Entering edit mode
Hi Everyone,
Im currently trying to analyse a large number of EPIC arrays and I'm getting an odd package error that seems to come about when I add annotation to the array object
rgSet <- read.metharray.exp(targets = targets)
getManifest(rgSet)
annotation(rgSet)[1] <- "IlluminaHumanMethylationEPIC" annotation(rgSet)[2] <- "ilm10b2.hg19"

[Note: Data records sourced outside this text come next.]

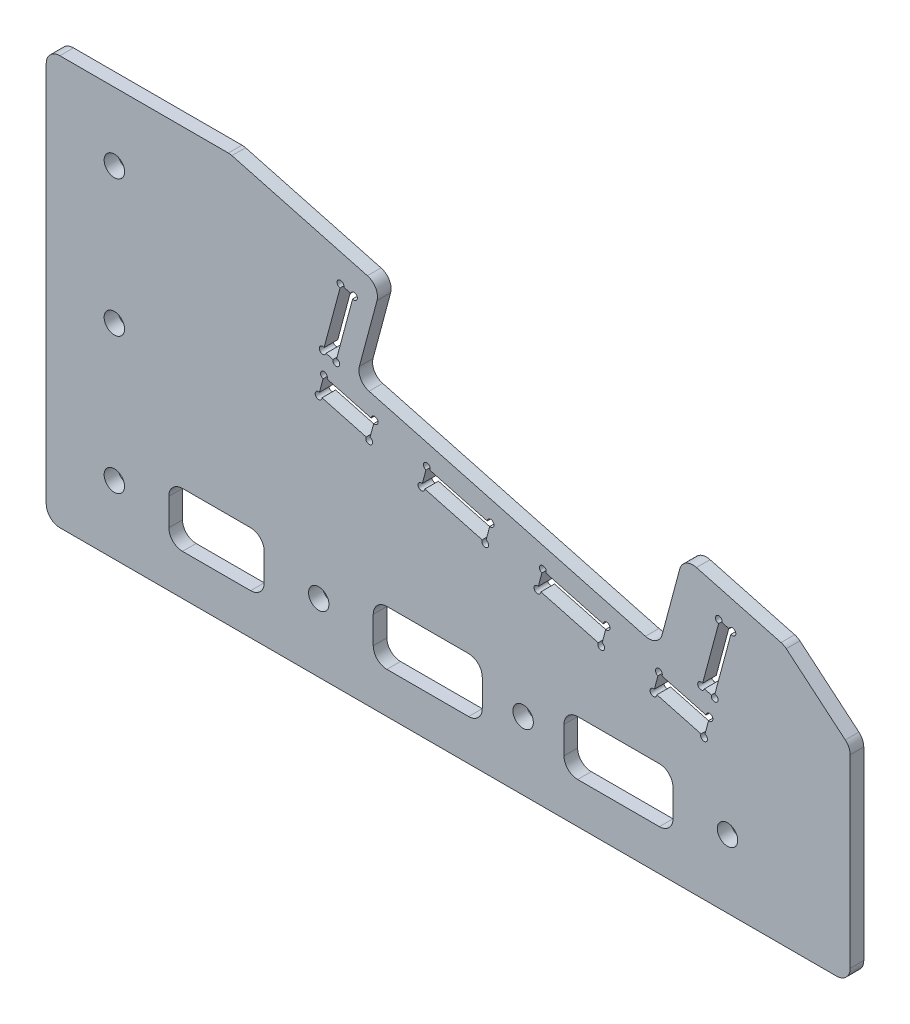
from build123d import *

# Parameters (mm, degrees)
SKETCH_1_W           = 130
SKETCH_1_H           = 60
SKETCH_1_R           = 1.5
EXTRUDE_1_DEPTH      = 2
CUT_EXTRUDE_1_DEPTH  = 3
CUT_EXTRUDE_2_DEPTH  = 3
CUT_EXTRUDE_5_DEPTH  = 10
CUT_EXTRUDE_6_DEPTH  = 3
FILLET_1_R           = 2
CUT_EXTRUDE_7_DEPTH  = 3
CUT_EXTRUDE_8_DEPTH  = 10
CUT_EXTRUDE_9_DEPTH  = 10
EXTRUDE_2_DEPTH      = 2
SKETCH_9_R           = 0.5
CUT_EXTRUDE_10_DEPTH = 10


with BuildPart() as part:
    # 草图1 → 凸台-拉伸1 (new body)
    with BuildSketch(Plane.XY):
        with Locations((65, 30)):
            Rectangle(SKETCH_1_W, SKETCH_1_H)
        with Locations((10, 10)):
            Circle(SKETCH_1_R, mode=Mode.SUBTRACT)
        with Locations((10, 30)):
            Circle(SKETCH_1_R, mode=Mode.SUBTRACT)
        with Locations((10, 50)):
            Circle(SKETCH_1_R, mode=Mode.SUBTRACT)
        with Locations((40, 10)):
            Circle(SKETCH_1_R, mode=Mode.SUBTRACT)
        with Locations((70, 10)):
            Circle(SKETCH_1_R, mode=Mode.SUBTRACT)
        with Locations((100, 10)):
            Circle(SKETCH_1_R, mode=Mode.SUBTRACT)
    extrude(amount=EXTRUDE_1_DEPTH)

    # 草图2 → 切除-拉伸1 (cut, through all)
    with BuildSketch(Plane.XY.offset(2)):
        Polygon((27, 60), (130, 32.40123318), (130, 60), align=None)
    extrude(amount=-CUT_EXTRUDE_1_DEPTH, mode=Mode.SUBTRACT)

    # 草图3 → 切除-拉伸2 (cut, through all)
    with BuildSketch(Plane.XY.offset(2)):
        Polygon((49.071405131, 54.085984819), (93.50399314, 42.180308745), (89.880526509, 28.657347177), (45.447938499, 40.563023251), align=None)
    extrude(amount=-CUT_EXTRUDE_2_DEPTH, mode=Mode.SUBTRACT)

    # 草图4 → 切除-拉伸5 (cut)
    with BuildSketch(Plane.XY.offset(2)):
        Polygon((98.74723483, 36.634281646), (96.159044379, 26.975023383), (98.090896032, 26.457385293), (100.679086483, 36.116643556), align=None)
        Polygon((45.138351471, 50.99873865), (42.55016102, 41.339480387), (40.618309368, 41.857118477), (43.206499819, 51.51637674), align=None)
    extrude(amount=-CUT_EXTRUDE_5_DEPTH, mode=Mode.SUBTRACT)

    # 草图5 → 切除-拉伸6 (cut, through all)
    with BuildSketch(Plane.XY.offset(2)):
        Polygon((130, 20), (130, 32.40123318), (108.287273653, 38.21914067), (118, 30.069195574), (118, 0), (130, 0), align=None)
    extrude(amount=-CUT_EXTRUDE_6_DEPTH, mode=Mode.SUBTRACT)

    # 圆角1
    fillet_1_edges = [part.edges().sort_by_distance(p)[0] for p in [
        (118, 30.069195574, 1),
        (108.287273653, 38.21914067, 1),
        (118, 0, 1),
        (27, 60, 1),
        (45.447938499, 40.563023251, 1),
        (49.071405131, 54.085984819, 1),
        (93.50399314, 42.180308745, 1),
        (89.880526509, 28.657347177, 1),
        (0, 60, 1),
        (0, 0, 1),
    ]]
    fillet(fillet_1_edges, radius=FILLET_1_R)

    # 草图6 → 切除-拉伸7 (cut)
    with BuildSketch(Plane(origin=(0, 0, 0), x_dir=(-1, 0, 0), z_dir=(0, 0, -1))):
        with BuildLine():
            Line((-78, 14), (-90, 14))
            ThreePointArc((-90, 14), (-91.414213562, 13.414213562), (-92, 12))
            Line((-92, 12), (-92, 8))
            ThreePointArc((-92, 8), (-91.414213562, 6.585786438), (-90, 6))
            Line((-90, 6), (-78, 6))
            ThreePointArc((-78, 6), (-76.585786438, 6.585786438), (-76, 8))
            Line((-76, 8), (-76, 12))
            ThreePointArc((-76, 12), (-76.585786438, 13.414213562), (-78, 14))
        make_face()
        with BuildLine():
            Line((-50, 14), (-62, 14))
            ThreePointArc((-62, 14), (-63.414213562, 13.414213562), (-64, 12))
            Line((-64, 12), (-64, 8))
            ThreePointArc((-64, 8), (-63.414213562, 6.585786438), (-62, 6))
            Line((-62, 6), (-50, 6))
            ThreePointArc((-50, 6), (-48.585786438, 6.585786438), (-48, 8))
            Line((-48, 8), (-48, 12))
            ThreePointArc((-48, 12), (-48.585786438, 13.414213562), (-50, 14))
        make_face()
        with BuildLine():
            Line((-20, 14), (-30, 14))
            ThreePointArc((-30, 14), (-31.414213562, 13.414213562), (-32, 12))
            Line((-32, 12), (-32, 8))
            ThreePointArc((-32, 8), (-31.414213562, 6.585786438), (-30, 6))
            Line((-30, 6), (-20, 6))
            ThreePointArc((-20, 6), (-18.585786438, 6.585786438), (-18, 8))
            Line((-18, 8), (-18, 12))
            ThreePointArc((-18, 12), (-18.585786438, 13.414213562), (-20, 14))
        make_face()
    extrude(amount=-CUT_EXTRUDE_7_DEPTH, mode=Mode.SUBTRACT)

    # 草图7 → 切除-拉伸8 (cut)
    with BuildSketch(Plane.XY.offset(2)):
        Polygon((97.314438897, 23.559607814), (89.944424842, 25.534397129), (89.167967707, 22.63661965), (96.537981761, 20.661830336), align=None)
        Polygon((81.440561097, 24.70717201), (82.217018232, 27.604949489), (72.915152525, 30.097376894), (72.138695389, 27.199599415), align=None)
        Polygon((64.411288779, 29.270151776), (65.187745914, 32.167929255), (55.885880207, 34.660356659), (55.109423072, 31.76257918), align=None)
        Polygon((47.382016462, 33.833131541), (48.158473597, 36.73090902), (40.788459542, 38.705698334), (40.012002407, 35.807920855), align=None)
    extrude(amount=-CUT_EXTRUDE_8_DEPTH, mode=Mode.SUBTRACT)

    # 草图8 → 切除-拉伸9 (cut)
    with BuildSketch(Plane.XY.offset(2)):
        Polygon((98.726021627, 36.671023993), (96.122302033, 26.95381018), (98.112109235, 26.420642947), (100.715828829, 36.13785676), align=None)
        Polygon((97.351181243, 23.580821018), (89.923211639, 25.571139475), (89.131225361, 22.615406446), (96.559194965, 20.625087989), align=None)
        Polygon((81.4617743, 24.670429664), (82.253760578, 27.626162693), (72.893939321, 30.13411924), (72.101953043, 27.178386211), align=None)
        Polygon((64.432501982, 29.23340943), (65.22448826, 32.189142458), (55.864667004, 34.697099005), (55.072680726, 31.741365977), align=None)
        Polygon((47.403229665, 33.796389195), (48.195215943, 36.752122223), (40.767246339, 38.74244068), (39.975260061, 35.786707652), align=None)
        Polygon((43.185286615, 51.553119086), (40.581567022, 41.835905273), (42.571374224, 41.302738041), (45.175093818, 51.019951853), align=None)
    extrude(amount=-CUT_EXTRUDE_9_DEPTH, mode=Mode.SUBTRACT)

    # 草图10 → 凸台-拉伸2 (add)
    with BuildSketch(Plane.XY.offset(2)):
        Polygon((40.767246339, 38.74244068), (48.195215943, 36.752122223), (48.169334038, 36.65552964), (40.741364434, 38.645848097), align=None)
        Polygon((39.975260061, 35.786707652), (47.403229665, 33.796389195), (47.42911157, 33.892981777), (40.001141965, 35.883300234), align=None)
        Polygon((55.864667004, 34.697099005), (55.838785099, 34.600506422), (65.196979694, 32.092985738), (65.222861598, 32.189578321), align=None)
        Polygon((64.432501982, 29.23340943), (55.072680726, 31.741365977), (55.09856263, 31.837958559), (64.458383887, 29.330002012), align=None)
        Polygon((72.893939321, 30.13411924), (82.253760578, 27.626162693), (82.227878673, 27.52957011), (72.868057417, 30.037526657), align=None)
        Polygon((81.4617743, 24.670429664), (72.101953043, 27.178386211), (72.127834948, 27.274978794), (81.487656204, 24.767022247), align=None)
        Polygon((89.923211639, 25.571139475), (97.351181243, 23.580821018), (97.325299338, 23.484228435), (89.897329734, 25.474546892), align=None)
        Polygon((96.559194965, 20.625087989), (89.131225361, 22.615406446), (89.157107265, 22.711999029), (96.585076869, 20.721680572), align=None)
        Polygon((98.726021627, 36.671023993), (96.122302033, 26.95381018), (96.218894616, 26.927928276), (98.82261421, 36.645142088), align=None)
        Polygon((100.715828829, 36.13785676), (98.112109235, 26.420642947), (98.015516653, 26.446524852), (100.619236247, 36.163738664), align=None)
        Polygon((43.185286615, 51.553119086), (40.581567022, 41.835905273), (40.658841088, 41.81519975), (43.262560682, 51.532413562), align=None)
        Polygon((45.175093818, 51.019951853), (42.571374224, 41.302738041), (42.494100158, 41.323443564), (45.097819751, 51.040657377), align=None)
    extrude(amount=-EXTRUDE_2_DEPTH)

    # 草图9 → 切除-拉伸10 (cut)
    with BuildSketch(Plane.XY.offset(2)):
        with Locations((43.185286615, 51.553119086)):
            Circle(SKETCH_9_R)
        with Locations((45.175093818, 51.019951853)):
            Circle(SKETCH_9_R)
        with Locations((40.581567022, 41.835905273)):
            Circle(SKETCH_9_R)
        with Locations((42.571374224, 41.302738041)):
            Circle(SKETCH_9_R)
        with Locations((40.767246339, 38.74244068)):
            Circle(SKETCH_9_R)
        with Locations((48.195215943, 36.752122223)):
            Circle(SKETCH_9_R)
        with Locations((39.975260061, 35.786707652)):
            Circle(SKETCH_9_R)
        with Locations((47.403229665, 33.796389195)):
            Circle(SKETCH_9_R)
        with Locations((55.864667004, 34.697099005)):
            Circle(SKETCH_9_R)
        with Locations((55.072680726, 31.741365977)):
            Circle(SKETCH_9_R)
        with Locations((65.22448826, 32.189142458)):
            Circle(SKETCH_9_R)
        with Locations((64.432501982, 29.23340943)):
            Circle(SKETCH_9_R)
        with Locations((72.101953043, 27.178386211)):
            Circle(SKETCH_9_R)
        with Locations((72.893939321, 30.13411924)):
            Circle(SKETCH_9_R)
        with Locations((82.253760578, 27.626162693)):
            Circle(SKETCH_9_R)
        with Locations((81.4617743, 24.670429664)):
            Circle(SKETCH_9_R)
        with Locations((89.131225361, 22.615406446)):
            Circle(SKETCH_9_R)
        with Locations((89.923211639, 25.571139475)):
            Circle(SKETCH_9_R)
        with Locations((97.351181243, 23.580821018)):
            Circle(SKETCH_9_R)
        with Locations((96.559194965, 20.625087989)):
            Circle(SKETCH_9_R)
        with Locations((96.122302033, 26.95381018)):
            Circle(SKETCH_9_R)
        with Locations((98.112109235, 26.420642947)):
            Circle(SKETCH_9_R)
        with Locations((98.726021627, 36.671023993)):
            Circle(SKETCH_9_R)
        with Locations((100.715828829, 36.13785676)):
            Circle(SKETCH_9_R)
    extrude(amount=-CUT_EXTRUDE_10_DEPTH, mode=Mode.SUBTRACT)


solid = part.part

mSet <- preprocessSWAN(rgSet)
detP <- detectionP(rgSet) keep <- rowSums(detP < 0.05) == ncol(rgSet) mSet <- mSet[keep,]
dim(mSet)
RSet <- ratioConvert(mSet, what = "both", keepCN = TRUE) GRset <- mapToGenome(RSet)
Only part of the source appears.